That tireless hatcher of conspiracies Dr Sun Yat-sen, now forty-four, determined ‘to expel the Tatar barbarians [Manchus], revive China, establish a republic and distribute land equally’, watched this from his exile. He had travelled for a decade, seeking backers and ideologies to help win him power in China. At one point the government trapped him in the London embassy, and he was about to be sent home for beheading when a press outcry forced his release. He had launched at least seven failed revolutions and, on 10 October 1911, he was in the USA planning his next when soldiers in Wuhan mutinied. The regent sent Cixi’s long-serving general Yuan Shikai, appointed prime minister, to crush them, but rebellion spread quickly. Sun rushed home.
In December, revolutionary delegates in Nanjing elected Sun Yat-sen as provisional president of the first Chinese Republic. Arriving in Shanghai, Sun set up headquarters in the mansion of Charlie Song, whose daughters Qingling and Meiling were still studying in America, but the eldest, the twenty-three-year-old Ailing, charmed the new president, who was married with several concubines, all of whom he treated appallingly. Ailing did not reciprocate. And Sun was powerless: he was not the only president of China.
In Beijing, General Yuan Shikai was offered the leadership by the revolutionaries if he deposed the monarchy. On 12 February 1912, he orchestrated Puyi’s abdication – the end of 250 years of Manchus and two millennia of emperors – and, as Sun resigned, became president.* Yuan, born into the gentry, lived in a traditional Chinese household with a wife and nine concubines with bound feet, while for his health he drank human milk, delivered by wet nurses. Now this conservative paladin, who disdained Dr Sun as a cosmopolitan amateur, embraced power and its trappings, being escorted around by a corps of giant bodyguards in uniforms trimmed with leopard-skin. A mix of agitators, generals and gangsters seized power. In Shanghai, elegant fulcrum of capitalism and fashion, the criminal Green Gang bestrode business and politics: a revolutionary, Chen Qimei, linked to the gangsters, captured Shanghai for Sun. When Sun was challenged by a former supporter, Chen ordered a henchman to assassinate him. The assassin was a follower of Sun named Chiang Kai-shek, son of a poor family who had been educated in Japan. Chiang would become the ruler of China.
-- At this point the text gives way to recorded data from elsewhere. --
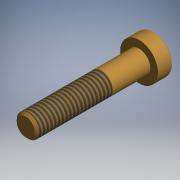
# Autodesk Inventor part: Zyl.Schr-M6x30_Stahl_X094085
Saved by Autodesk Inventor 2021 (Build 250183000, 183)
## iProperties
Part Number: Zyl.Schr-M6x30_Stahl_X094085
Material: Generic
Catalog Web Link: www.cadenas.de
Description: ZylSchraube DIN EN ISO 7984-Normalien
Vendor: ROSEKRIEGER
Document SubType Name: Modeling
Designer: partserver
Manufacturer: ROSEKRIEGER
Mass: 1.10201 g
Surface Area: 8.89539 cm^2
Volume: 1.10201 cm^3
Density: 1 g/cm^3
Appearance: PSOLRGB-203-152-72
Category: PARTsolutions
Company: ROSEKRIEGER
PSOL_IDENT_0: {$CADENAS_DATA\23d-libs\rose_krieger\pool_normalien\schrauben_scheiben_muttern\zyl_isk_din7984.prj},
PSOL_IDENT_1: 218 {VTYP=3D},{NB=Zyl.Schr-M6x30_Stahl_X094085},{LINA=Zyl.Schr-M6x30_Stahl_X094085},{NN=ZylSchraube
PSOL_IDENT_2: DIN EN ISO 7984},{DATE=25.02.2021 18:00:30},{GEOMDATE=11.12.2020 13:50:00},{VERSION=},{LINEID=900},{
PSOL_IDENT_3: WBVAR=},{WBNUMERIC=}  {NB=Zyl.Schr-M6x30_Stahl_X094085},{LINA=Zyl.Schr-M6x30_Stahl_X094085},{KT=DUMM
PSOL_IDENT_4: Y},{IDNR=},{ARTIKEL=Zylinderschraube},{TYPE=M6},{FNENN=6.000},{L=30.000},{NORM=DIN7984},{NORMALT=DIN
PSOL_IDENT_5: 7984},{BEST=X094085},{RKMATNR=X094085},{WERKSTOFFBEZ=Stahl},{WERKSTOFF=0},{OBERFLAECHE=1},{FKKL=8.8}
PSOL_IDENT_6: ,{KHOE=4.000},{KD=10.000},{B=20.000},{SW=4.000},{R=0.500},{TSS=4.000},{WARENNUMMER=73181569}
NB: Zyl.Schr-M6x30_Stahl_X094085
NN: ZylSchraube DIN EN ISO 7984
NT: Normalien
NBSYN: Zyl.Schr-$TYPE.x$L._$WERKSTOFFBEZ._$RKMATNR.
LINA: Zyl.Schr-M6x30_Stahl_X094085
CATALOG: RK Rose+Krieger
ARTIKEL: Zylinderschraube
TYPE: M6
FNENN: 6
L: 30
NORM: DIN7984
NORMALT: DIN7984
BEST: X094085
RKMATNR: X094085
WERKSTOFFBEZ: Stahl
WERKSTOFF: 0
OBERFLAECHE: 1
FKKL: 8.8
KHOE: 4
KD: 10
B: 20
SW: 4
R: 0.5
TSS: 4
WARENNUMMER: 73181569
SUPPLIER: ROSEKRIEGER
ARTICLENO: Zyl.Schr-M6x30_Stahl_X094085
BOMINFO: Zyl.Schr-M6x30_Stahl_X094085
CREATOR: CADENAS GmbH
Title: Zyl.Schr-M6x30_Stahl_X094085
Author: Cadenas PARTsolutions
Comments: Normalien
Autodesk Inventor part; units mm, degrees
ref_plane "Deaktiviert_NICHT_mehrverwenden_Zyl__Schraube_DIN_EN_ISO_4762_XY" through (0, 0, 0) normal (0, 1, 0) x (1, 0, 0)
ref_plane "Deaktiviert_NICHT_mehrverwenden_Zyl__Schraube_DIN_EN_ISO_4762_YZ" through (0, 0, 0) normal (1, 0, 0) x (0, 0, -1)
ref_plane "Deaktiviert_NICHT_mehrverwenden_Zyl__Schraube_DIN_EN_ISO_4762_ZX" through (0, 0, 0) normal (0, 0, -1) x (0, 1, 0)
sketch "Skizze_1" plane through (0, 0, 0) normal (0, 0, 1) x (1, 0, 0)
  line L0 (0, -30) -> (0, 0)
  line L1 (0, 0) -> (3, 0)
  line L2 (3, 0) -> (3, -29.3865)
  line L3 (3, -29.3865) -> (2.3865, -30)
  line L4 (2.3865, -30) -> (0, -30)
  line L5 (0, -30) -> (0, 0)
  constraints: 12 end point
revolve "Revolution1" add sketch "Skizze_1" angle 360 about axis through (0, -30, 0) along (0, -1, 0)
thread "Thread1" size "M6x1" class "6g" standard "ISO Metric profile" length 19.3865
sketch "Skizze_2" plane through (0, 0, 0) normal (0, 0, 1) x (1, 0, 0)
  line L0 (0, 0) -> (0, 4)
  line L1 (0, 4) -> (4.5, 4)
  arc A0 (5, 3.5) -> (4.5, 4) centre (4.5, 3.5) ccw
  line L2 (5, 3.5) -> (5, 0)
  line L3 (5, 0) -> (0, 0)
  line L4 (0, 0) -> (0, 4)
  constraints: 10 end point, 2 point on circle, 1 centre point
revolve "Revolution2" add sketch "Skizze_2" angle 360 about axis through (0, 0, 0) along (0, -1, 0)
sketch "Skizze_3" plane through (0, 4, 0) normal (0, 1, 0) x (1, 0, 0)
  line L0 (-2, -1.1547) -> (0, -2.3094)
  line L1 (0, -2.3094) -> (2, -1.1547)
  line L2 (2, -1.1547) -> (2, 1.1547)
  line L3 (2, 1.1547) -> (0, 2.3094)
  line L4 (0, 2.3094) -> (-2, 1.1547)
  line L5 (-2, 1.1547) -> (-2, -1.1547)
  constraints: 12 end point
extrude "Extrusion1" cut sketch "Skizze_3" against normal blind 4
ref_plane "EP_XY" through (0, 0, 0) normal (0, 1, 0) x (1, 0, 0)
ref_plane "EP_YZ" through (0, 0, 0) normal (1, 0, 0) x (0, 0, -1)
ref_plane "EP_ZX" through (0, 0, 0) normal (0, 0, -1) x (0, 1, 0)
ref_plane "EP_Schraube_XY" through (0, 0, 0) normal (0, 1, 0) x (1, 0, 0)
ref_plane "EP_Schraube_YZ" through (0, 0, 0) normal (1, 0, 0) x (0, 0, -1)
ref_plane "EP_Schraube_ZX" through (0, 0, 0) normal (0, 0, -1) x (0, 1, 0)
body "Solid1"
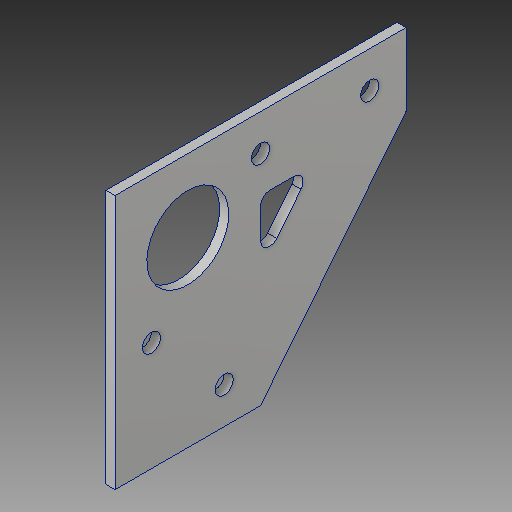
# Autodesk Inventor part: 15102898-16-P-0205_CPY
Saved by Autodesk Inventor 2017 (Build 210142000, 142)
## iProperties
Created: 2016-10-02
Part Number: 15102898-16-P-0205_CPY
Material: Aluminum 6061
Document SubType Name: Modeling
Designer: gus
Mass: 55.4711 g
Surface Area: 147.521 cm^2
Volume: 20.5448 cm^3
Density: 2.7 g/cm^3
Appearance: Aluminum - Flat
Author: gus
Autodesk Inventor part; units mm, degrees
ref_plane "YZ Plane" through (0, 0, 0) normal (1, 0, 0) x (0, 1, 0)
ref_plane "XZ Plane" through (0, 0, 0) normal (0, 1, 0) x (-1, 0, 0)
ref_plane "XY Plane" through (0, 0, 0) normal (0, 0, 1) x (1, 0, 0)
sketch "Sketch1" plane through (0, 0, 0) normal (1, 0, 0) x (0, 1, 0)
  line L0 (0, 0) -> (0, -101.6)
  line L1 (0, -101.6) -> (-25.4, -101.6)
  line L2 (-25.4, -101.6) -> (-88.9, -50.8)
  line L3 (-88.9, -50.8) -> (-88.9, 0)
  circle A0 centre (-50.8, -12.7) radius 3.175
  circle A1 centre (-12.7, -50.8) radius 3.175
  circle A2 centre (-12.7, -88.9) radius 3.175
  line L4 (-12.7, -25.4) -> (-12.7, -101.6) construction
  line L5 (0, -12.7) -> (-88.9, -12.7) construction
  circle A3 centre (-76.2, -38.1) radius 3.175
  circle A4 centre (-25.4, -25.4) radius 14.2875
  line L6 (0, 0) -> (-88.9, 0)
  dimension "d0" = 50.8
  dimension "d1" = 25.4
  dimension "d2" = 88.9
  dimension "d3" = 101.6
  dimension "d5" = 38.1
  dimension "d6" = 12.7
  dimension "d10" = 12.7
  dimension "d11" = 12.7
  dimension "d13" = 28.575
  dimension "d15" = 6.35
  dimension "d24" = 90
  dimension "d25" = 12.7
  dimension "d26" = 25.4
  dimension "d27" = 76.2
  dimension "d29" = 63.5
  dimension "d30" = 6.35
  dimension "d31" = 50.8
  dimension "d32" = 38.1
  constraints: 14 end point, 5 centre point, 5 point on line, 3 perpendicular, 2 equal radius, 1 midpoint, 1 parallel, 1 vertical
  measures "d0" distance of L3.end L2.end
  measures "d1" distance of L0.end L1.end
  measures "d2" distance of L3.end L0.start
  measures "d3" distance of L0.start L0.end
  measures "d5" distance of A2.centre A1.centre
  measures "d6" distance between parallel lines of L0 L4
  measures "d10" distance from line of L3 A3.centre
  measures "d11" horizontal distance of A3.centre L2.end
  measures "d13" diameter of A4
  measures "d15" diameter of A1
  measures "d24" angle of L0 L6
  measures "d25" distance between parallel lines of L6 L5
  measures "d26" distance from line of A4.centre L6
  measures "d27" distance from line of L4.start L1
  measures "d29" distance from line of L3 A4.centre
  measures "d30" diameter of A0
  measures "d31" distance from line of L0 A0.centre
  measures "d32" distance from line of A1.centre L5
extrude "Extrusion1" add sketch "Sketch1" along normal blind 3.175
sketch "Sketch2" plane through (3.175, 0, 0) normal (1, 0, 0) x (0, 0, -1)
  line L0 (50.8, -39.1889) -> (50.8, -28.575)
  line L1 (53.975, -25.4) -> (62.4661, -25.4)
  line L2 (64.9454, -30.5584) -> (56.4543, -41.1723)
  line L3 (101.6, 0) -> (0, 0) projected
  line L4 (0, 0) -> (0, -101.6) projected
  line L5 (50.8, -88.9) -> (101.6, -25.4) projected
  arc A0 (50.8, -39.1889) -> (56.4543, -41.1723) centre (53.975, -39.1889) ccw
  arc A1 (53.975, -25.4) -> (50.8, -28.575) centre (53.975, -28.575) ccw
  arc A2 (64.9454, -30.5584) -> (62.4661, -25.4) centre (62.4661, -28.575) ccw
  line L6 (0, 0) -> (0, -88.9) projected
  dimension "d18" = 25.4
  dimension "d19" = 25.4
  dimension "d21" = 3.175
  dimension "d28" = 50.8
  constraints: 6 end point, 6 point on circle, 6 tangent, 3 centre point, 3 parallel, 2 equal radius
  measures "d18" distance between parallel lines of L2 L5
  measures "d19" distance between parallel lines of L3 L1
  measures "d21" radius of A0
  measures "d28" distance between parallel lines of L6 L0
extrude "Extrusion2" cut sketch "Sketch2" against normal blind 3.175
body "Solid1"

In China’s first real elections, forty million voted and Sun’s nationalist KMT party won the most seats in a national assembly that now sat in Beijing. Both sides, allied to the criminal gangs, tried to kill each other. Yuan survived one attempt and hired the Green Gang to kill Sun. In March 1913, he murdered Sun’s nominee for premier and dismissed the assembly.
Sun fled to Japan, accompanied by Charlie Song, joined by his daughters, who became the leader’s secretaries. Sun fell in love with Ailing, but when she married someone her own age, he moved on to his new assistant, the middle sister, Qingling, fresh from Wellesley College, Massachusetts: ‘I just can’t get Qingling out of my head,’ he confessed. ‘I have encountered love for the first time.’ Qingling flirted, warning him she might marry President Yuan and ‘be an empress’. Sun appealed to her father, who stated pointedly, ‘We’re a Christian family; no daughter will become anybody’s concubine, king, emperor or president.’ But Qingling, aged twenty-one, started an affair with the fifty-year-old Sun, her ‘Big Busy Man’. They eloped to Tokyo and married.
Sun’s return looked unlikely as President Yuan dismissed parliament and declared himself emperor.
A FAMILY WEDDING: THREE EMPERORS AND THREE PASHAS
Yet Yuan was not dictator for long. When he died of uraemia, the Central Country splintered into pieces, ruled by three weak governments while real power rested with the warlords and gangsters, led by a man who was a cross between the two. Zhang Zuolin, who called himself the Mukden Tiger, had started as a skinny brigand, nicknamed Pimple, but now he dominated northern China with his own army of 300,000. Taking control of Beijing, he toyed with restoring the Manchu. But they were irrelevant now.*
Yet in Europe the dynasties remained central. In May 1913, the kaiser, babbling about the imminence of war, hosted his cousins Tsar Nicholas II and King-Emperor George V, at the 1,000-guest wedding in Berlin of his only daughter, Viktoria Luise, to Prince Ernst August of Hanover, first cousin to the British and Russian monarchs.